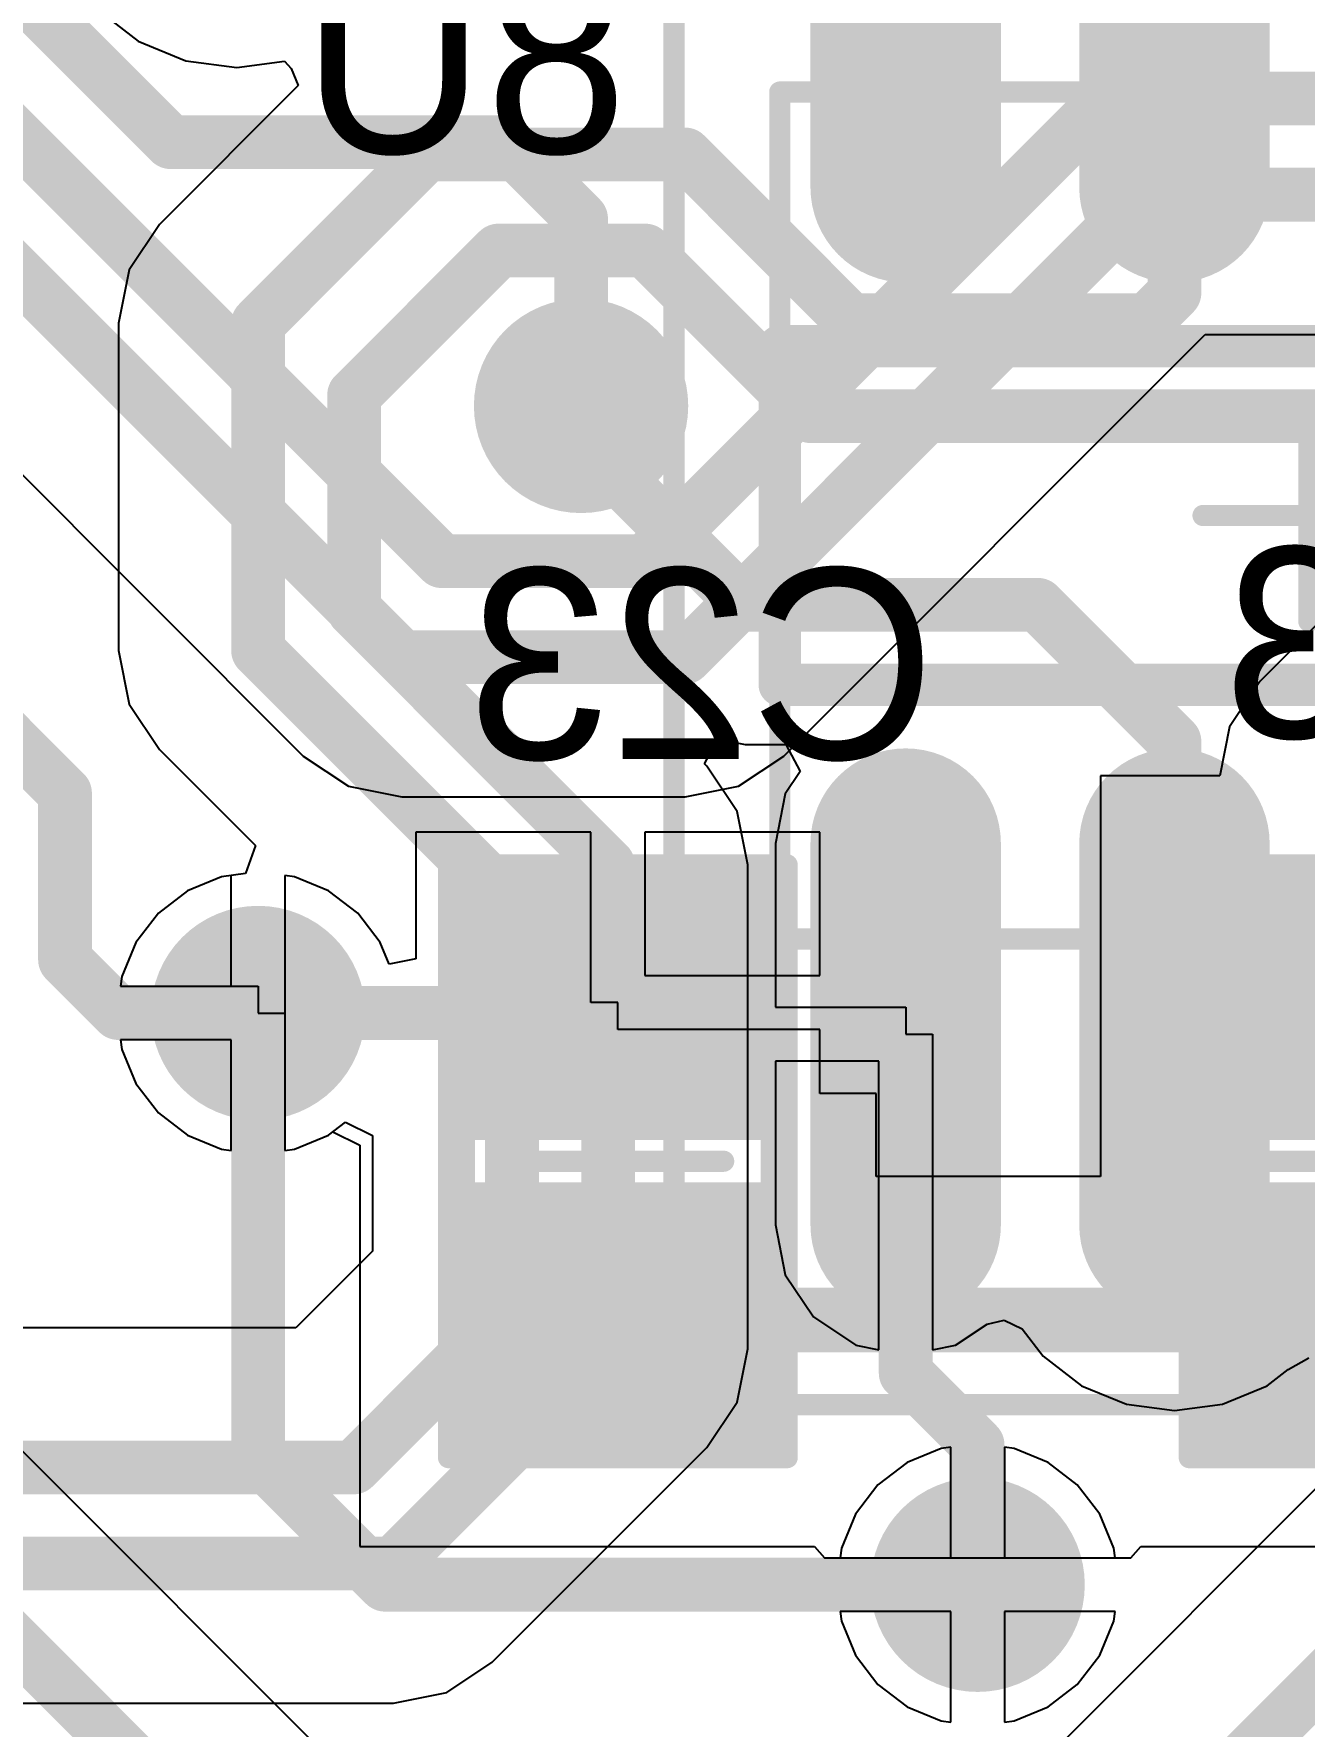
# Model space of a CAD drawing. Header units: millimetres. Extents: x 12 to 126, y 25 to 105.
# Drawn here: x 54.64 to 60.64, y 79.03 to 87.02 of the extents above; entities that cross this region are included whole.
import ezdxf

# ---------------------------------------------------------------- set-up
doc = ezdxf.new("R2010")
doc.units = ezdxf.units.MM
for name, color, linetype in [('BottomLayer', 5, 'Continuous'), ('BottomOverlay', 54, 'Continuous'), ('BottomPaste', 16, 'Continuous'), ('BottomSolder', 6, 'Continuous'), ('Mechanical13', 56, 'Continuous'), ('Mechanical15', 56, 'Continuous'), ('MultiLayer', 9, 'Continuous'), ('TopLayer', 1, 'Continuous'), ('TopOverlay', 2, 'Continuous'), ('TopPaste', 8, 'Continuous'), ('TopSolder', 216, 'Continuous'), ('ViaHoleLayer', 16, 'Continuous')]:
    doc.layers.add(name, color=color, linetype=linetype)

# ---------------------------------------------------------------- blocks, each defined once
blk = doc.blocks.new('SO8_M_24')
at = {"layer": 'Mechanical13', "const_width": 0.0999998}
for points in [[(-2.00000362, -2.49997722), (-2.00000362, 2.50001278)], [(1.99998838, -2.49997722), (1.99998838, 2.50001278)], [(1.99998838, -2.49997722), (-2.00000362, -2.49997722)]]:
    blk.add_lwpolyline(points, dxfattribs=at)
at = {"layer": 'Mechanical13', "const_width": 0.0499999}
for points in [[(-2.0250023, -2.49997722, 1), (-1.97500494, -2.49997722, 1)], [(-2.0250023, -2.49997722, 1), (-1.97500494, -2.49997722, 1)], [(1.9749897, -2.49997722, 1), (2.02498706, -2.49997722, 1)], [(1.9749897, -2.49997722, 1), (2.02498706, -2.49997722, 1)]]:
    blk.add_lwpolyline(points, format="xyb", close=True, dxfattribs=at)
at = {"layer": 'Mechanical15', "const_width": 0.0999998}
for points in [[(4.19998398, -3.00000162), (4.19998398, 2.99998638)], [(-7.62e-06, -0.4999812199999999), (-7.62e-06, 0.5000167799999999)], [(0.49996598, -7.62e-06), (-0.50003202, -7.62e-06)], [(4.19998398, -3.00000162), (-4.19999922, -3.00000162)]]:
    blk.add_lwpolyline(points, dxfattribs=at)
at = {"layer": 'Mechanical15', "const_width": 0.0499999}
for points in [[(-0.5250307, -7.62e-06, 1), (-0.47503334, -7.62e-06, 1)], [(0.4749673, -7.62e-06, 1), (0.52496466, -7.62e-06, 1)], [(-0.0250063, -0.4999812199999999, 1), (0.02499106, -0.4999812199999999, 1)], [(4.174985299999999, -3.00000162, 1), (4.224982659999999, -3.00000162, 1)], [(4.174985299999999, -3.00000162, 1), (4.224982659999999, -3.00000162, 1)]]:
    blk.add_lwpolyline(points, format="xyb", close=True, dxfattribs=at)
at = {"layer": 'TopLayer', "const_width": 0.7000011399999999}
for points in [[(-3.34998822, -0.63500762), (-1.54999182, -0.63500762)], [(1.54997658, -0.63500762), (3.34997298, -0.63500762)], [(-3.34998822, -1.90500762), (-1.54999182, -1.90500762)], [(1.54997658, -1.90500762), (3.34997298, -1.90500762)]]:
    blk.add_lwpolyline(points, dxfattribs=at)
at = {"layer": 'TopLayer', "const_width": 0.3499993}
for points in [[(-1.72499274, -0.63500762, 1), (-1.3749909, -0.63500762, 1)], [(1.37497566, -0.63500762, 1), (1.7249775, -0.63500762, 1)], [(3.17497206, -0.63500762, 1), (3.5249739, -0.63500762, 1)], [(-1.72499274, -1.90500762, 1), (-1.3749909, -1.90500762, 1)], [(1.37497566, -1.90500762, 1), (1.7249775, -1.90500762, 1)], [(3.17497206, -1.90500762, 1), (3.5249739, -1.90500762, 1)]]:
    blk.add_lwpolyline(points, format="xyb", close=True, dxfattribs=at)
at = {"layer": 'TopOverlay', "const_width": 0.1999996}
for points in [[(-0.80000602, -2.49997722), (-0.80000602, 2.50001278)], [(0.7999907799999999, -2.49997722), (0.7999907799999999, 2.50001278)], [(0.7999907799999999, -2.49997722), (-0.80000602, -2.49997722)]]:
    blk.add_lwpolyline(points, dxfattribs=at)
at = {"layer": 'TopOverlay', "const_width": 0.0999998}
for points in [[(-0.85000592, -2.49997722, 1), (-0.75000612, -2.49997722, 1)], [(-0.85000592, -2.49997722, 1), (-0.75000612, -2.49997722, 1)], [(0.7499908799999999, -2.49997722, 1), (0.84999068, -2.49997722, 1)], [(0.7499908799999999, -2.49997722, 1), (0.84999068, -2.49997722, 1)]]:
    blk.add_lwpolyline(points, format="xyb", close=True, dxfattribs=at)
at = {"layer": 'TopPaste', "const_width": 0.7000011399999999}
for points in [[(-3.34998822, -0.63500762), (-1.54999182, -0.63500762)], [(1.54997658, -0.63500762), (3.34997298, -0.63500762)], [(-3.34998822, -1.90500762), (-1.54999182, -1.90500762)], [(1.54997658, -1.90500762), (3.34997298, -1.90500762)]]:
    blk.add_lwpolyline(points, dxfattribs=at)
at = {"layer": 'TopPaste', "const_width": 0.3499993}
for points in [[(-1.72499274, -0.63500762, 1), (-1.3749909, -0.63500762, 1)], [(1.37497566, -0.63500762, 1), (1.7249775, -0.63500762, 1)], [(3.17497206, -0.63500762, 1), (3.5249739, -0.63500762, 1)], [(-1.72499274, -1.90500762, 1), (-1.3749909, -1.90500762, 1)], [(1.37497566, -1.90500762, 1), (1.7249775, -1.90500762, 1)], [(3.17497206, -1.90500762, 1), (3.5249739, -1.90500762, 1)]]:
    blk.add_lwpolyline(points, format="xyb", close=True, dxfattribs=at)
at = {"layer": 'TopSolder', "const_width": 0.90000074}
for points in [[(-3.34998822, -0.63500762), (-1.54999182, -0.63500762)], [(1.54997658, -0.63500762), (3.34997298, -0.63500762)], [(-3.34998822, -1.90500762), (-1.54999182, -1.90500762)], [(1.54997658, -1.90500762), (3.34997298, -1.90500762)]]:
    blk.add_lwpolyline(points, dxfattribs=at)
at = {"layer": 'TopSolder', "const_width": 0.4499991}
for points in [[(-1.77499264, -0.63500762, 1), (-1.324991, -0.63500762, 1)], [(1.32497576, -0.63500762, 1), (1.7749774, -0.63500762, 1)], [(3.12497216, -0.63500762, 1), (3.5749738, -0.63500762, 1)], [(-1.77499264, -1.90500762, 1), (-1.324991, -1.90500762, 1)], [(1.32497576, -1.90500762, 1), (1.7749774, -1.90500762, 1)], [(3.12497216, -1.90500762, 1), (3.5749738, -1.90500762, 1)]]:
    blk.add_lwpolyline(points, format="xyb", close=True, dxfattribs=at)
blk = doc.blocks.new('C0805_B_26')
at = {"layer": 'BottomLayer'}
for points in [[(-1.3000228, 0.7000367), (-1.3000228, -0.6999605), (-0.200025, 0.7000367), (-0.200025, -0.6999605)], [(0.1999996, 0.7000367), (0.1999996, -0.6999605), (1.2999974, 0.7000367), (1.2999974, -0.6999605)]]:
    blk.add_solid(points, dxfattribs=at)
at = {"layer": 'BottomPaste'}
for points in [[(-1.3000228, 0.7000367), (-1.3000228, -0.6999605), (-0.200025, 0.7000367), (-0.200025, -0.6999605)], [(0.1999996, 0.7000367), (0.1999996, -0.6999605), (1.2999974, 0.7000367), (1.2999974, -0.6999605)]]:
    blk.add_solid(points, dxfattribs=at)
at = {"layer": 'BottomSolder'}
for points in [[(-1.4000226, 0.8000364999999999), (-1.4000226, -0.7999603), (-0.1000252, 0.8000364999999999), (-0.1000252, -0.7999603)], [(0.0999998, 0.8000364999999999), (0.0999998, -0.7999603), (1.3999972, 0.8000364999999999), (1.3999972, -0.7999603)]]:
    blk.add_solid(points, dxfattribs=at)
at = {"layer": 'Mechanical13', "const_width": 0.0999998}
for points in [[(-1.1000359, -0.7249795), (-1.1000359, 0.7250049)], [(1.0999597, 0.7250049), (-1.1000359, 0.7250049)], [(1.0999597, -0.7249795), (1.0999597, 0.7250049)], [(1.0999597, -0.7249795), (-1.1000359, -0.7249795)]]:
    blk.add_lwpolyline(points, dxfattribs=at)
at = {"layer": 'Mechanical13', "const_width": 0.0499999}
for points in [[(-1.12503458, 0.7250049, 1), (-1.07503722, 0.7250049, 1)], [(-1.12503458, 0.7250049, 1), (-1.07503722, 0.7250049, 1)], [(1.07496102, 0.7250049, 1), (1.12495838, 0.7250049, 1)], [(1.07496102, 0.7250049, 1), (1.12495838, 0.7250049, 1)], [(-1.12503458, -0.7249795, 1), (-1.07503722, -0.7249795, 1)], [(-1.12503458, -0.7249795, 1), (-1.07503722, -0.7249795, 1)], [(1.07496102, -0.7249795, 1), (1.12495838, -0.7249795, 1)], [(1.07496102, -0.7249795, 1), (1.12495838, -0.7249795, 1)]]:
    blk.add_lwpolyline(points, format="xyb", close=True, dxfattribs=at)
at = {"layer": 'Mechanical15', "const_width": 0.0999998}
for points in [[(-1.4000099, -0.8000111), (-1.4000099, 0.8000364999999999)], [(1.3999845, 0.8000364999999999), (-1.4000099, 0.8000364999999999)], [(1.3999845, -0.8000111), (1.3999845, 0.8000364999999999)], [(-1.27e-05, -0.4999863), (-1.27e-05, 0.5000117)], [(0.4999609, 3.81e-05), (-0.5000371, 3.81e-05)], [(1.3999845, -0.8000111), (-1.4000099, -0.8000111)]]:
    blk.add_lwpolyline(points, dxfattribs=at)
at = {"layer": 'Mechanical15', "const_width": 0.0499999}
for points in [[(-1.42500858, 0.8000364999999999, 1), (-1.37501122, 0.8000364999999999, 1)], [(-1.42500858, 0.8000364999999999, 1), (-1.37501122, 0.8000364999999999, 1)], [(1.37498582, 0.8000364999999999, 1), (1.42498318, 0.8000364999999999, 1)], [(1.37498582, 0.8000364999999999, 1), (1.42498318, 0.8000364999999999, 1)], [(-0.02501138, 0.5000117, 1), (0.02498598, 0.5000117, 1)], [(-0.52503578, 3.81e-05, 1), (-0.47503842, 3.81e-05, 1)], [(0.47496222, 3.81e-05, 1), (0.52495958, 3.81e-05, 1)], [(-0.02501138, -0.4999863, 1), (0.02498598, -0.4999863, 1)], [(-1.42500858, -0.8000111, 1), (-1.37501122, -0.8000111, 1)], [(-1.42500858, -0.8000111, 1), (-1.37501122, -0.8000111, 1)], [(1.37498582, -0.8000111, 1), (1.42498318, -0.8000111, 1)], [(1.37498582, -0.8000111, 1), (1.42498318, -0.8000111, 1)]]:
    blk.add_lwpolyline(points, format="xyb", close=True, dxfattribs=at)
blk = doc.blocks.new('C0805_B_29')
at = {"layer": 'BottomLayer'}
for points in [[(-1.2999974, 0.6999935199999999), (-1.2999974, -0.7000036799999999), (-0.1999996, 0.6999935199999999), (-0.1999996, -0.7000036799999999)], [(0.1999742, 0.6999935199999999), (0.1999742, -0.7000036799999999), (1.299972, 0.6999935199999999), (1.299972, -0.7000036799999999)]]:
    blk.add_solid(points, dxfattribs=at)
at = {"layer": 'BottomPaste'}
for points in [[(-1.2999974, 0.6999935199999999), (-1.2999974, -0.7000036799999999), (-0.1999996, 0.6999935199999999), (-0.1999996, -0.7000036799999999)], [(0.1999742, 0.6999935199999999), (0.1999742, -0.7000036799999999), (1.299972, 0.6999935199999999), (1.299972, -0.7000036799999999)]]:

• Assignment
Lines with "color" in them are what the answer must contain; copy each from the records above.

• Answer to this problem
for name, color, linetype in [('BottomLayer', 5, 'Continuous'), ('BottomOverlay', 54, 'Continuous'), ('BottomPaste', 16, 'Continuous'), ('BottomSolder', 6, 'Continuous'), ('Mechanical13', 56, 'Continuous'), ('Mechanical15', 56, 'Continuous'), ('MultiLayer', 9, 'Continuous'), ('TopLayer', 1, 'Continuous'), ('TopOverlay', 2, 'Continuous'), ('TopPaste', 8, 'Continuous'), ('TopSolder', 216, 'Continuous'), ('ViaHoleLayer', 16, 'Continuous')]:
    doc.layers.add(name, color=color, linetype=linetype)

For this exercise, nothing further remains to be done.